_WHAT THIS TASK INVOLVES:_ Please retype the records below exactly, from the first line through the line containing "for name, color, linetype, lineweight", and leave out any pictures.

(Data entries)
----------------------------------------

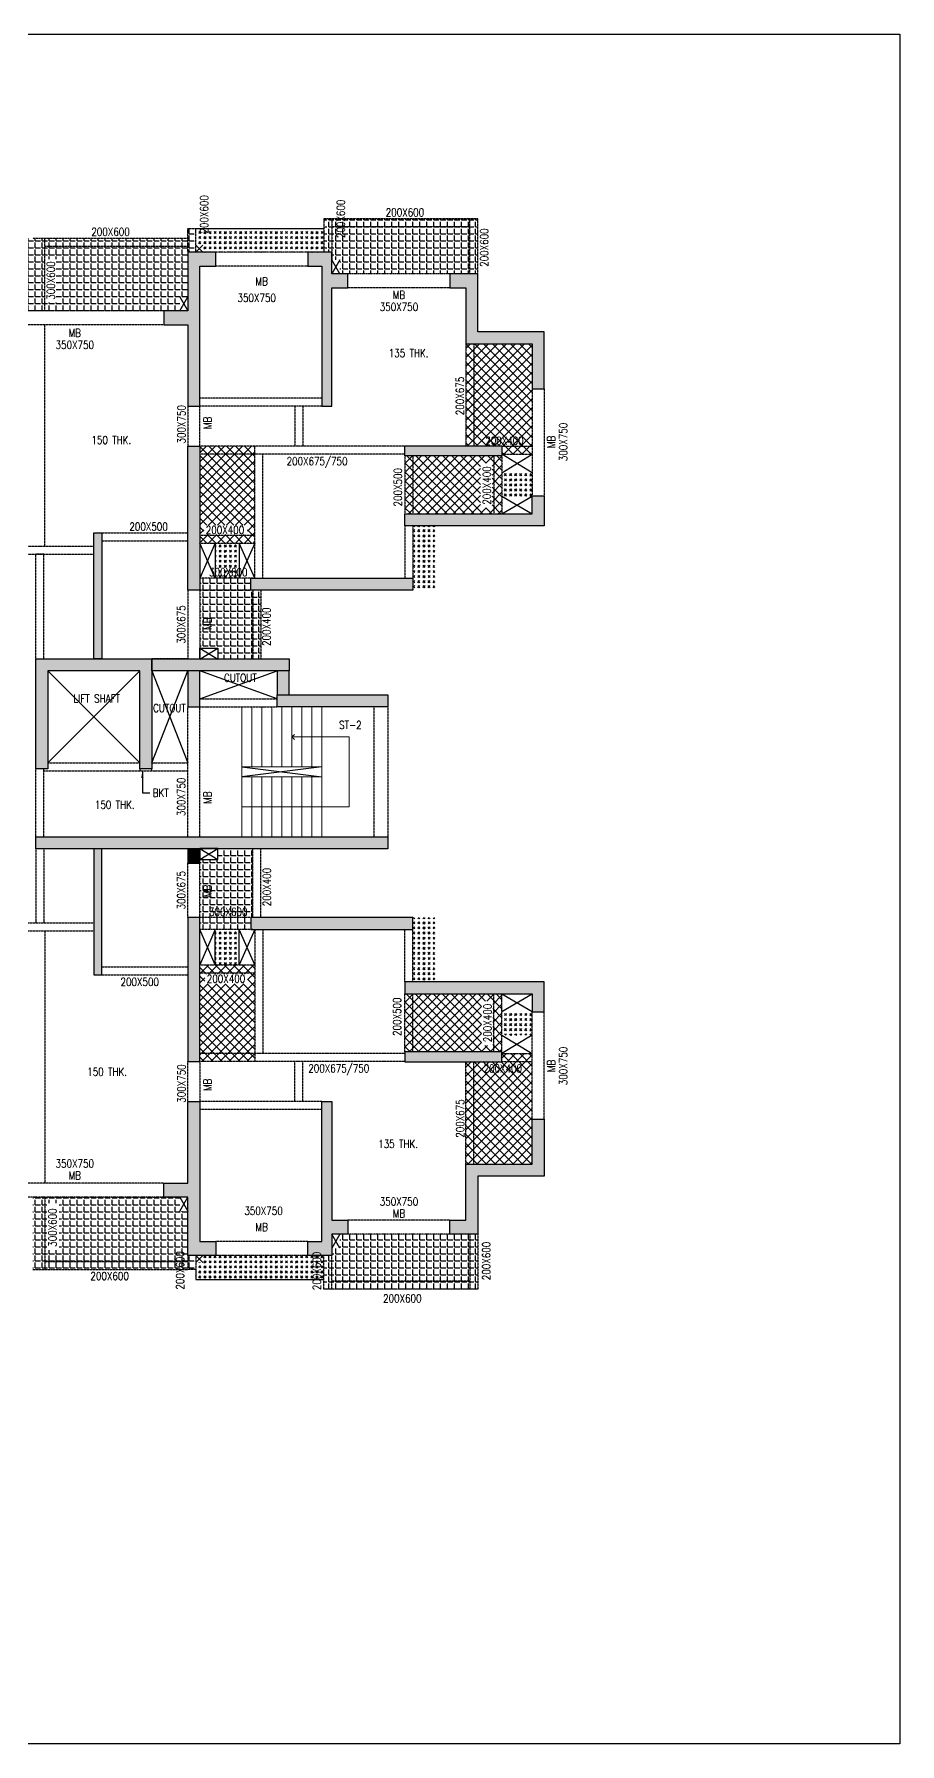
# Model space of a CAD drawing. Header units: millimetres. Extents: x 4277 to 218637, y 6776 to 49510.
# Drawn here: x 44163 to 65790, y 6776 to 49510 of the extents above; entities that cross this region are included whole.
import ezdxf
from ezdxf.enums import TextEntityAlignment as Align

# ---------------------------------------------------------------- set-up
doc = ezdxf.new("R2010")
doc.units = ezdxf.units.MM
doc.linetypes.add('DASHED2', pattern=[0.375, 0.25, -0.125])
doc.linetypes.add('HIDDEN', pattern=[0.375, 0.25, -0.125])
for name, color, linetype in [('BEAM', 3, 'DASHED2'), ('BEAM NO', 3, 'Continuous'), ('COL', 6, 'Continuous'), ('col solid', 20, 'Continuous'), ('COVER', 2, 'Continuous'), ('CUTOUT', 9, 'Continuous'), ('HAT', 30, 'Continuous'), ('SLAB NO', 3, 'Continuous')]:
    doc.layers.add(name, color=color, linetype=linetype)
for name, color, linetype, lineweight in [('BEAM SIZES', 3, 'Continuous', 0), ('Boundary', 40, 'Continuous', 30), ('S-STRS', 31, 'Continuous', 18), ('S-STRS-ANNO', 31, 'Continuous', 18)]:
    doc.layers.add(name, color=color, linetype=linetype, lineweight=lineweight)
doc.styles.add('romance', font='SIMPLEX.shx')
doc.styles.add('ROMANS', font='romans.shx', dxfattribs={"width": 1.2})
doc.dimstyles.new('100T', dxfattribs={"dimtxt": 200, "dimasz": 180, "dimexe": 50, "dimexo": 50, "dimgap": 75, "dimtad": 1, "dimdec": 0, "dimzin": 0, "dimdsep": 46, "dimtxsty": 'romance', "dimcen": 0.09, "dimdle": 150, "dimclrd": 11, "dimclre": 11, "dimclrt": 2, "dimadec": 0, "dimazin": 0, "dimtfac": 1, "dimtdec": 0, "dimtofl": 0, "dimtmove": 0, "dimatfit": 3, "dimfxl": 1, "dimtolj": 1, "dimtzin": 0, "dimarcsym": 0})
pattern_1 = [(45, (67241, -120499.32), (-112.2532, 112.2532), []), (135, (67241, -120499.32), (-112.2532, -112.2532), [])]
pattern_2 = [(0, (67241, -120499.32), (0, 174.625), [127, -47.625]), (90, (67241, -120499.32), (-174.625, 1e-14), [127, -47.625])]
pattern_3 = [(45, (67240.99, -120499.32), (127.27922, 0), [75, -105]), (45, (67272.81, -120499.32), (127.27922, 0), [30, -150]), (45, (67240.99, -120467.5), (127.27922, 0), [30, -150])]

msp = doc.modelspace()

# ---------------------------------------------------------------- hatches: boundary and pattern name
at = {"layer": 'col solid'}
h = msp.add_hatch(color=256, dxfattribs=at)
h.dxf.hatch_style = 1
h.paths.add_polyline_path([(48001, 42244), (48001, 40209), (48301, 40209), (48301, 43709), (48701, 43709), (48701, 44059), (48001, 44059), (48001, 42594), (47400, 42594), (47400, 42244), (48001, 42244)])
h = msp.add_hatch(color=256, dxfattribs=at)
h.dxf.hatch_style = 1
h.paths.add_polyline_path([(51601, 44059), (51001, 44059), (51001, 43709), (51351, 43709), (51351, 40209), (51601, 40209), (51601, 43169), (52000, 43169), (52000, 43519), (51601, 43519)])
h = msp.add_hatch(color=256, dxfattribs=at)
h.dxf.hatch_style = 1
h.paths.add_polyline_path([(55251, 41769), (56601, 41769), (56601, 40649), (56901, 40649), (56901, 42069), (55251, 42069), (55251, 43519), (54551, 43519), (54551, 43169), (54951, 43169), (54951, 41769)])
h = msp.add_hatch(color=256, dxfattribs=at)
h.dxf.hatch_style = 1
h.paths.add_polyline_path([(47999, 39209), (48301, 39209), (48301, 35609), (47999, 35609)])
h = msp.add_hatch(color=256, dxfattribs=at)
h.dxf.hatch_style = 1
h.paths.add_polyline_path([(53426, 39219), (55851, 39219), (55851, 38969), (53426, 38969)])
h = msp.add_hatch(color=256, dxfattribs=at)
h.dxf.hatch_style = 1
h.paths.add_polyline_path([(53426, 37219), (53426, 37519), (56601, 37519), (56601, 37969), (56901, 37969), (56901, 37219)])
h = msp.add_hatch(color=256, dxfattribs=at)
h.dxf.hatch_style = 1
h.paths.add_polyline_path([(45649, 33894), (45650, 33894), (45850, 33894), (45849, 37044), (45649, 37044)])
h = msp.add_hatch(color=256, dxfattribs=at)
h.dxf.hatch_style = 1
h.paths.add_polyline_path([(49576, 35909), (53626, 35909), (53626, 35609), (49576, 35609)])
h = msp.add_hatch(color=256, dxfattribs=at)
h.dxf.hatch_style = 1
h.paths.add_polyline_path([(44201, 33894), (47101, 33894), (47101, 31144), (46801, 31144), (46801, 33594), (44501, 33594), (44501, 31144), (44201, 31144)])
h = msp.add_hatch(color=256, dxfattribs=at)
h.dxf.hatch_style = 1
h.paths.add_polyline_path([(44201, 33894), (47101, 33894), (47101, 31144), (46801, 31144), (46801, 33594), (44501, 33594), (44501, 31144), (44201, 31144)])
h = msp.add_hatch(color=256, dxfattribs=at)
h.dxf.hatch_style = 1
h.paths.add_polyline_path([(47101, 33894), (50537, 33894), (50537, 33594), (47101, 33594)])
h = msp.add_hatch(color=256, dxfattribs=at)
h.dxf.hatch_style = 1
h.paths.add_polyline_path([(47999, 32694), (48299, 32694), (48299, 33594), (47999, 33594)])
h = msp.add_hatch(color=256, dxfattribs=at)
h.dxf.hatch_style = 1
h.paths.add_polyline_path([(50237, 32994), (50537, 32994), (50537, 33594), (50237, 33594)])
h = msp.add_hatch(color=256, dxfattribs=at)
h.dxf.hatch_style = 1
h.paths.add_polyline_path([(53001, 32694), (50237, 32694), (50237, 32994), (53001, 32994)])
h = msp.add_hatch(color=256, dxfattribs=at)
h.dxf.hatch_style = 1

----------------------------------------

_FINAL ANSWER:_
# Model space of a CAD drawing. Header units: millimetres. Extents: x 4277 to 218637, y 6776 to 49510.
# Drawn here: x 44163 to 65790, y 6776 to 49510 of the extents above; entities that cross this region are included whole.
import ezdxf
from ezdxf.enums import TextEntityAlignment as Align

# ---------------------------------------------------------------- set-up
doc = ezdxf.new("R2010")
doc.units = ezdxf.units.MM
doc.linetypes.add('DASHED2', pattern=[0.375, 0.25, -0.125])
doc.linetypes.add('HIDDEN', pattern=[0.375, 0.25, -0.125])
for name, color, linetype in [('BEAM', 3, 'DASHED2'), ('BEAM NO', 3, 'Continuous'), ('COL', 6, 'Continuous'), ('col solid', 20, 'Continuous'), ('COVER', 2, 'Continuous'), ('CUTOUT', 9, 'Continuous'), ('HAT', 30, 'Continuous'), ('SLAB NO', 3, 'Continuous')]:
    doc.layers.add(name, color=color, linetype=linetype)
for name, color, linetype, lineweight in [('BEAM SIZES', 3, 'Continuous', 0), ('Boundary', 40, 'Continuous', 30), ('S-STRS', 31, 'Continuous', 18), ('S-STRS-ANNO', 31, 'Continuous', 18)]:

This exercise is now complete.